7) após 12-16hrs Transferir 1ml da amostra induzida para tubos rotulados de 1, 5 ml e rodar no máximo, 30sec, RT, e remover supe. Congelar a cápsula a -20 até ser necessário. ESTA É A AMOSTRA INDUZIDA.
notas para indução:
* os tempos de indução variam de 2-5hrs.
* a IPTG pode ser variada de 0, 1-1, 0 M.
*Se ferver a sua amostra durante demasiado tempo, Esta tornar-se-á viscosa a partir da libertação total de ADN celular. Você ainda pode usá-los se você pode encontrar uma área de baixa viscosidade, no entanto, geralmente é melhor apenas para repetir a experiência.
extracção de proteínas solúveis
1) Lavar o sedimento bacteriano com 2mls de STE gelado (Tris de 10 mm, pH 8.0; NaCl de 150 mm; EDTA de 1 mm) uma vez.
2) Ressuspender o pellet bacteriano (a partir de um 10ml induzida cultura) no 800ul de STE contendo 100ug/ml de Lisozima (adicionado imediatamente antes de ressuspensão)
3) Incubar no gelo por 15 minutos.
4) Adicionar TDT a uma concentração final de 5mM (temos stocks a 1M em -20).
5) adicionar inibidores da protease.
6) As bactérias são então lisadas pela adição de N-laurilsarcosina (Sarkosil) de um estoque de 10% (w/v) em STE. A concentração final de N-lauril sarcosina deve ser de 1,5%.

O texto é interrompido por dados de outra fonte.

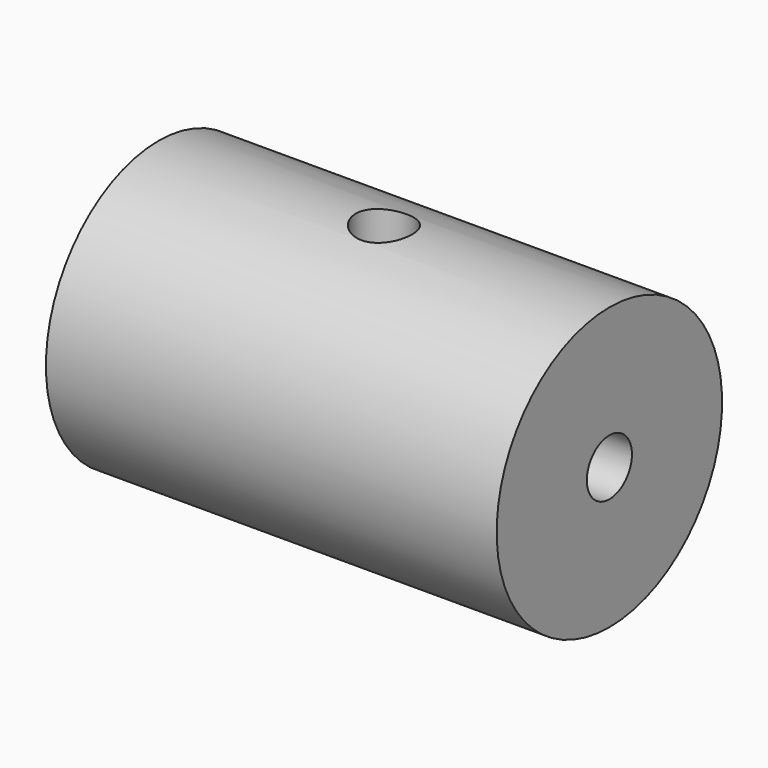
from build123d import *

# Parameters (mm, degrees)
F0_W     = 50.8
F0_H     = 15.875
F2_R     = 3.175
F3_DEPTH = 15.876
F4_R     = 3.175
F5_DEPTH = 50.8010001


# Not quite as in the source:
# - a feature names something its author has since deleted; it is built from what else it names


with BuildPart() as f1:
    # F0 (on Front) → F1 (revolve)
    with BuildSketch(Plane.XZ):
        with Locations((0, 7.9375)):
            Rectangle(F0_W, F0_H)
    revolve(axis=Axis((8.9611150324, 0, 0), (1, 0, 0)))

    # F2 (on Top) → F3 (cut, through all)
    with BuildSketch(Plane.XY):
        Circle(F2_R)
    extrude(amount=F3_DEPTH, mode=Mode.SUBTRACT)

    # F4 (on face) → F5 (cut, through all)
    with BuildSketch(Plane.YZ.offset(25.4)):
        Circle(F4_R)
    extrude(amount=-F5_DEPTH, mode=Mode.SUBTRACT)


solid = f1.part
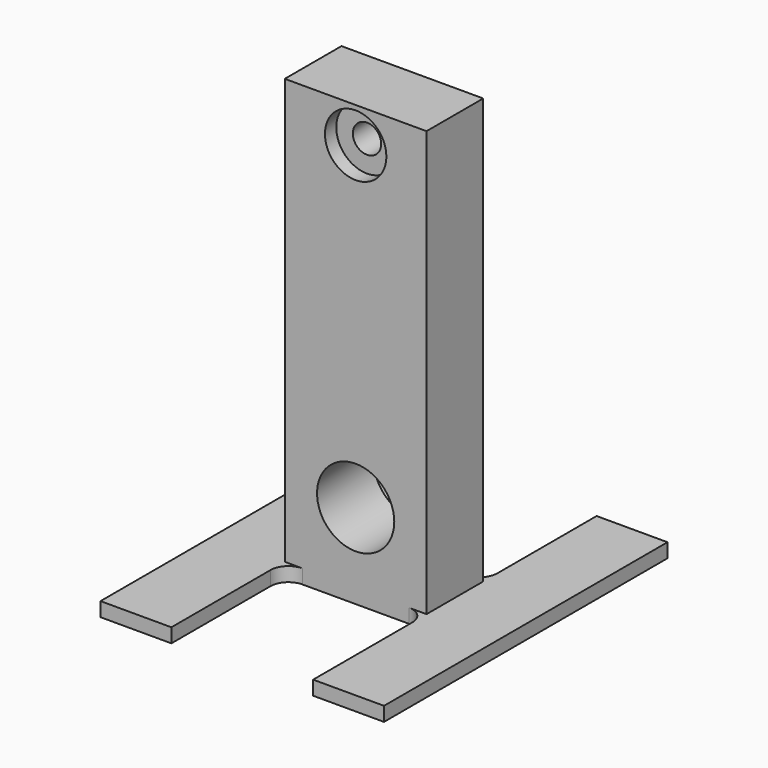
from build123d import *

# Parameters (mm, degrees)
F0_W      = 25.4
F0_H      = 127
F1_DEPTH  = 25.4
F2_W      = 50.8
F2_H      = 25.4
F3_DEPTH  = 25.4
F4_R      = 5.08
F5_DEPTH  = 25.4
F6_R      = 11.0109
F7_DEPTH  = 5.08
F8_R      = 11.0109
F9_DEPTH  = 5.08
F10_DEPTH = 25.4
F11_W     = 25.4
F11_H     = 127
F12_DEPTH = 12.7
F13_DEPTH = 12.7
F14_R     = 13.83665
F15_DEPTH = 25.4
F17_DEPTH = 5.08


with BuildPart() as f1:
    # F0 (on Front) → F1 (new body)
    with BuildSketch(Plane.XZ):
        with Locations((-12.3247115396, -29.6700978652)):
            Rectangle(F0_W, F0_H)
    extrude(amount=F1_DEPTH)

    # F2 (on face) → F3 (join)
    with BuildSketch(Plane.XY.offset(33.8299021348)):
        with Locations((-12.3247115396, -12.7)):
            Rectangle(F2_W, F2_H)
    extrude(amount=F3_DEPTH)

    # F4 (on face) → F5 (cut)
    with BuildSketch(Plane.XZ.offset(25.4)):
        with Locations((-12.3247115396, 46.5299021348)):
            Circle(F4_R)
    extrude(amount=-F5_DEPTH, mode=Mode.SUBTRACT)

    # F6 (on face) → F7 (cut)
    with BuildSketch(Plane.XZ.offset(25.4)):
        with Locations((-12.3247115396, 46.5299021348)):
            Circle(F6_R)
    extrude(amount=-F7_DEPTH, mode=Mode.SUBTRACT)

    # F8 (on face) → F9 (cut)
    with BuildSketch(Plane(origin=(0, 0, 0), x_dir=(-1, 0, 0), z_dir=(0, 1, 0))):
        with Locations((12.3247115396, 46.5299021348)):
            Circle(F8_R)
    extrude(amount=-F9_DEPTH, mode=Mode.SUBTRACT)

    # F4 (on face) → F10 (cut)
    with BuildSketch(Plane.XZ.offset(25.4)):
        with Locations((-12.3247115396, 46.5299021348)):
            Circle(F4_R)
    extrude(amount=-F10_DEPTH, mode=Mode.SUBTRACT)

    # F11 (on face) → F12 (join)
    with BuildSketch(Plane(origin=(-25.0247115396, 0, 0), x_dir=(0, -1, 0), z_dir=(-1, 0, 0))):
        with Locations((12.7, -29.6700978652)):
            Rectangle(F11_W, F11_H)
    extrude(amount=F12_DEPTH)

    # F13 (add): a face of the model
    f13_faces = [f1.faces().sort_by_distance(p)[0] for p in [
        (0.3752884604, -12.7, -29.6700978652),
    ]]
    extrude(f13_faces, amount=F13_DEPTH)

    # F14 (on face) → F15 (cut)
    with BuildSketch(Plane.XZ.offset(25.4)):
        with Locations((-12.3247115396, -67.7700978652)):
            Circle(F14_R)
    extrude(amount=-F15_DEPTH, mode=Mode.SUBTRACT)

    # F16 (on face) → F17 (join)
    with BuildSketch(Plane(origin=(0, 0, -93.1700978652), x_dir=(1, 0, 0), z_dir=(0, 0, -1))):
        with BuildLine():
            ThreePointArc((-37.7247115396, -6.35), (-35.8648396001, -1.8598719395), (-31.3747115396, 0))
            Line((-31.3747115396, 0), (6.7252884604, 0))
            ThreePointArc((6.7252884604, 0), (11.2154165209, -1.8598719395), (13.0752884604, -6.35))
            Line((13.0752884604, -6.35), (13.0752884604, -50.8))
            Line((13.0752884604, -50.8), (38.4752884604, -50.8))
            Line((38.4752884604, -50.8), (38.4752884604, 0))
            Line((38.4752884604, 0), (38.4752884604, 25.4))
            Line((38.4752884604, 25.4), (38.4752884604, 76.2))
            Line((38.4752884604, 76.2), (13.0752884604, 76.2))
            Line((13.0752884604, 76.2), (13.0752884604, 31.75))
            ThreePointArc((13.0752884604, 31.75), (11.2154165209, 27.2598719395), (6.7252884604, 25.4))
            Line((6.7252884604, 25.4), (-31.3747115396, 25.4))
            ThreePointArc((-31.3747115396, 25.4), (-35.8648396001, 27.2598719395), (-37.7247115396, 31.75))
            Line((-37.7247115396, 31.75), (-37.7247115396, 76.2))
            Line((-37.7247115396, 76.2), (-63.1247115396, 76.2))
            Line((-63.1247115396, 76.2), (-63.1247115396, 25.4))
            Line((-63.1247115396, 25.4), (-63.1247115396, 0))
            Line((-63.1247115396, 0), (-63.1247115396, -50.8))
            Line((-63.1247115396, -50.8), (-37.7247115396, -50.8))
            Line((-37.7247115396, -50.8), (-37.7247115396, -6.35))
        make_face()
    extrude(amount=F17_DEPTH)


solid = f1.part
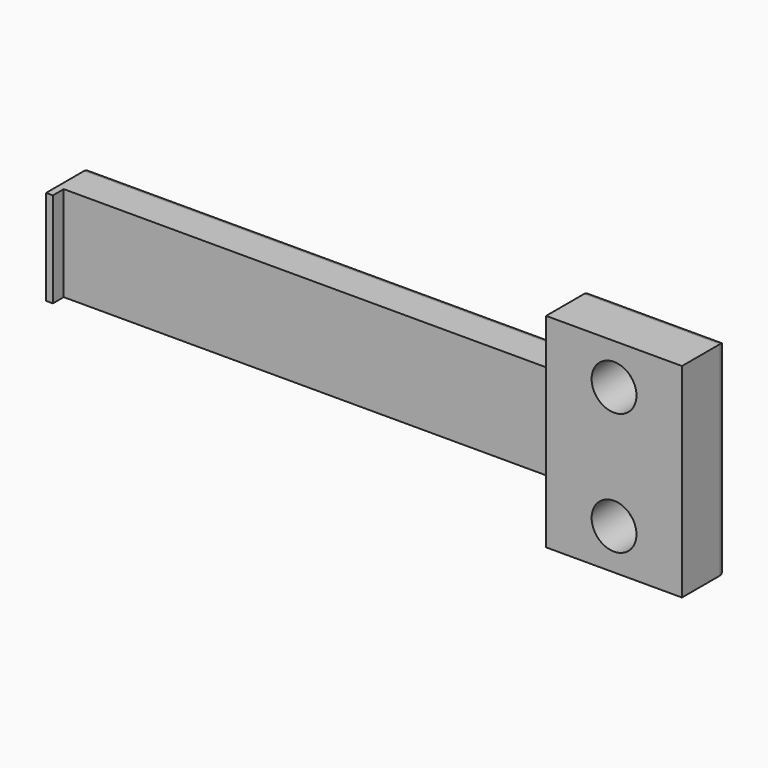
from build123d import *

# Parameters (mm, degrees)
F3_DEPTH       = 7
F5_DEPTH       = 4
F5_DEPTH_BACK  = 11
F7_D           = 3.3
F7_CSINK_D     = 5
F7_CSINK_ANGLE = 90
F8_T1_DEPTH    = 38.05
F8_T3_DEPTH    = 9.5
F8_T5_DEPTH    = 12.5
F8_T7_DEPTH    = 5.25
F8_T9_DEPTH    = 5.25
F8_T11_DEPTH   = 17.5
F8_T17_DEPTH   = 39.3
F8_T21_DEPTH   = 6.5
F8_T28_DEPTH   = 39.3
F8_T32_DEPTH   = 6.5


# Not quite as in the source:
# - a fillet or chamfer that OpenCascade refuses, or shapes differently, is made with other operations: its cross-section is extruded or revolved along the edge and cut away or added


with BuildPart() as f3:
    # F2 (on Top) → F3 (new body)
    with BuildSketch(Plane.XY):
        Polygon((0, 4), (0, 0), (0.5, 0), (0.5, 1), (36.8, 1), (36.8, 0), (46.8, 0), (46.8, 4), align=None)
    extrude(amount=F3_DEPTH)

    # F4 (on face) → F5 (join, two sides)
    with BuildSketch(Plane.XY.offset(7)) as f5_sk:
        Polygon((36.8, 1), (36.8, 0), (46.8, 0), (46.8, 4), (36.8, 4), align=None)
    extrude(amount=F5_DEPTH)
    extrude(f5_sk.sketch, amount=-F5_DEPTH_BACK)

    # F7 (through all)
    with Locations(Plane(origin=(0, 4, 0), x_dir=(-1, 0, 0), z_dir=(0, 1, 0))):
        with Locations((-41.8, 8), (-41.8, -1)):
            CounterSinkHole(F7_D / 2, F7_CSINK_D / 2, counter_sink_angle=F7_CSINK_ANGLE)

    # F8: fillet of radius 0.5 on 8 edges, made by hand

    # F8_s2 → F8_t1 (cut)
    with BuildSketch(Plane.YZ.offset(-1.25)):
        with BuildLine():
            ThreePointArc((4, 6.5), (3.8535533906, 6.8535533906), (3.5, 7))
            Line((3.5, 7), (4, 7))
            Line((4, 7), (4, 6.5))
        make_face()
        with BuildLine():
            ThreePointArc((4, 0.5), (3.8535533906, 0.1464466094), (3.5, 0))
            Line((3.5, 0), (4, 0))
            Line((4, 0), (4, 0.5))
        make_face()
    extrude(amount=F8_T1_DEPTH, mode=Mode.SUBTRACT)

    # F8_s4 → F8_t3 (cut)
    with BuildSketch(Plane.XY.offset(-1.25)):
        with BuildLine():
            ThreePointArc((0, 3.5), (0.1464466094, 3.8535533906), (0.5, 4))
            Line((0.5, 4), (0, 4))
            Line((0, 4), (0, 3.5))
        make_face()
    extrude(amount=F8_T3_DEPTH, mode=Mode.SUBTRACT)

    # F8_s6 → F8_t5 (cut)
    with BuildSketch(Plane.YZ.offset(35.55)):
        with BuildLine():
            ThreePointArc((4, -3.5), (3.8535533906, -3.8535533906), (3.5, -4))
            Line((3.5, -4), (4, -4))
            Line((4, -4), (4, -3.5))
        make_face()
        with BuildLine():
            ThreePointArc((4, 10.5), (3.8535533906, 10.8535533906), (3.5, 11))
            Line((3.5, 11), (4, 11))
            Line((4, 11), (4, 10.5))
        make_face()
    extrude(amount=F8_T5_DEPTH, mode=Mode.SUBTRACT)

    # F8_s8 → F8_t7 (cut)
    with BuildSketch(Plane.XY.offset(-5.25)):
        with BuildLine():
            ThreePointArc((37.3, 4), (36.9464466094, 3.8535533906), (36.8, 3.5))
            Line((36.8, 3.5), (36.8, 4))
            Line((36.8, 4), (37.3, 4))
        make_face()
    extrude(amount=F8_T7_DEPTH, mode=Mode.SUBTRACT)

    # F8_s10 → F8_t9 (cut)
    with BuildSketch(Plane.XY.offset(7)):
        with BuildLine():
            ThreePointArc((37.3, 4), (36.9464466094, 3.8535533906), (36.8, 3.5))
            Line((36.8, 3.5), (36.8, 4))
            Line((36.8, 4), (37.3, 4))
        make_face()
    extrude(amount=F8_T9_DEPTH, mode=Mode.SUBTRACT)

    # F8_s12 → F8_t11 (cut)
    with BuildSketch(Plane.XY.offset(-5.25)):
        with BuildLine():
            ThreePointArc((46.3, 4), (46.6535533906, 3.8535533906), (46.8, 3.5))
            Line((46.8, 3.5), (46.8, 4))
            Line((46.8, 4), (46.3, 4))
        make_face()
    extrude(amount=F8_T11_DEPTH, mode=Mode.SUBTRACT)


with BuildPart() as f8_tool15:
    # F8_s16 → F8_t17 (new body)
    with BuildSketch(Plane.YZ.offset(38.05)):
        with BuildLine():
            ThreePointArc((4, 6.5), (3.8535533906, 6.8535533906), (3.5, 7))
            Line((3.5, 7), (4, 7))
            Line((4, 7), (4, 6.5))
        make_face()
    extrude(amount=-F8_T17_DEPTH)

    split(bisect_by=Plane.YZ.offset(36.8), keep=Keep.TOP)


with BuildPart() as f8_tool19:
    # F8_s20 → F8_t21 (new body)
    with BuildSketch(Plane.XY.offset(12.25)):
        with BuildLine():
            ThreePointArc((37.3, 4), (36.9464466094, 3.8535533906), (36.8, 3.5))
            Line((36.8, 3.5), (36.8, 4))
            Line((36.8, 4), (37.3, 4))
        make_face()
    extrude(amount=-F8_T21_DEPTH)

    split(bisect_by=Plane.XY.offset(7), keep=Keep.BOTTOM)


with BuildPart() as f8_tool15_1:
    add(f8_tool15.part)

    # F8_t23: intersect F8_tool19
    add(f8_tool19.part, mode=Mode.INTERSECT)


with BuildPart() as f3_1:
    add(f3.part)

    # F8_t13: cut F8_tool15
    add(f8_tool15_1.part, mode=Mode.SUBTRACT)


with BuildPart() as f8_tool26:
    # F8_s27 → F8_t28 (new body)
    with BuildSketch(Plane.YZ.offset(38.05)):
        with BuildLine():
            ThreePointArc((4, 0.5), (3.8535533906, 0.1464466094), (3.5, 0))
            Line((3.5, 0), (4, 0))
            Line((4, 0), (4, 0.5))
        make_face()
    extrude(amount=-F8_T28_DEPTH)

    split(bisect_by=Plane.YZ.offset(36.8), keep=Keep.TOP)


with BuildPart() as f8_tool30:
    # F8_s31 → F8_t32 (new body)
    with BuildSketch(Plane.XY.offset(1.25)):
        with BuildLine():
            ThreePointArc((37.3, 4), (36.9464466094, 3.8535533906), (36.8, 3.5))
            Line((36.8, 3.5), (36.8, 4))
            Line((36.8, 4), (37.3, 4))
        make_face()
    extrude(amount=-F8_T32_DEPTH)

    split(bisect_by=Plane.XY, keep=Keep.TOP)


with BuildPart() as f8_tool26_1:
    add(f8_tool26.part)

    # F8_t34: intersect F8_tool30
    add(f8_tool30.part, mode=Mode.INTERSECT)


with BuildPart() as f3_2:
    add(f3_1.part)

    # F8_t24: cut F8_tool26
    add(f8_tool26_1.part, mode=Mode.SUBTRACT)


solid = f3_2.part

7) Sonicate as células no pequeno sonicador de banho com durante 2 ciclos (6min cada). O sonicador desliga-se automaticamente ao fim de 6 minutos.
8) Centrífuga, o lisado por 5min a 4 C.
9) Transferir o sobrenadante para um novo tubo eppendorf e adicionar o Triton X-100 (10% de caldo feito em STE) para uma concentração final de 2%.
10) tomar 100ul de gel de agarose Ni-neta e lavar duas vezes por centrifugação com PBS a 1000rpm durante 1min. cada
11) adicionar as esferas ao tubo eppendorf contendo o lisato e o tubo Triton X-100 e incubar numa nutadora ou roqueiro na TR durante 30-60min.
12) lavar as contas 4X com 1 ml de PBS a frio com imidiazole de 20 mm às 1000 RPM para cada um dos 1Minutos.
13) adicionar um buffer de carga 1X COM 1% BME, ferver 3min, e analisar na página SDS.
notas para extração:
*este protocolo básico vai funcionar para FLAG, GST, e 6 suas marcas epítopos. Não foi testado o MBP, que não responde à vontade dos detergentes.
* a inclusão do Imidiazole é específica das 6 marcas.
* TWEEN20 a 0, 1-1% também pode ser incorporado no tampão de lavagem para reduzir o fundo, se necessário.
Soluções
Loading Buffer (Para fazer um 4X de Ações)
50 mM de Tris-HCl; pH de 6,8 (2,0 ml de 1M Tris-HCl; pH 6.8)
2% ficha de dados de segurança (0,8 g SDS)
10% de Glicerol (4.0 ml 10% de Glicerol)
12,5 mM de EDTA (1,0 ml 0,5 M EDTA)
0.02 % Bromophenol Blue (8 mg Bromophenol Blue)
Adicionar novo 2(ou beta)-mercaptoethanol (BME) a 1% antes de usar.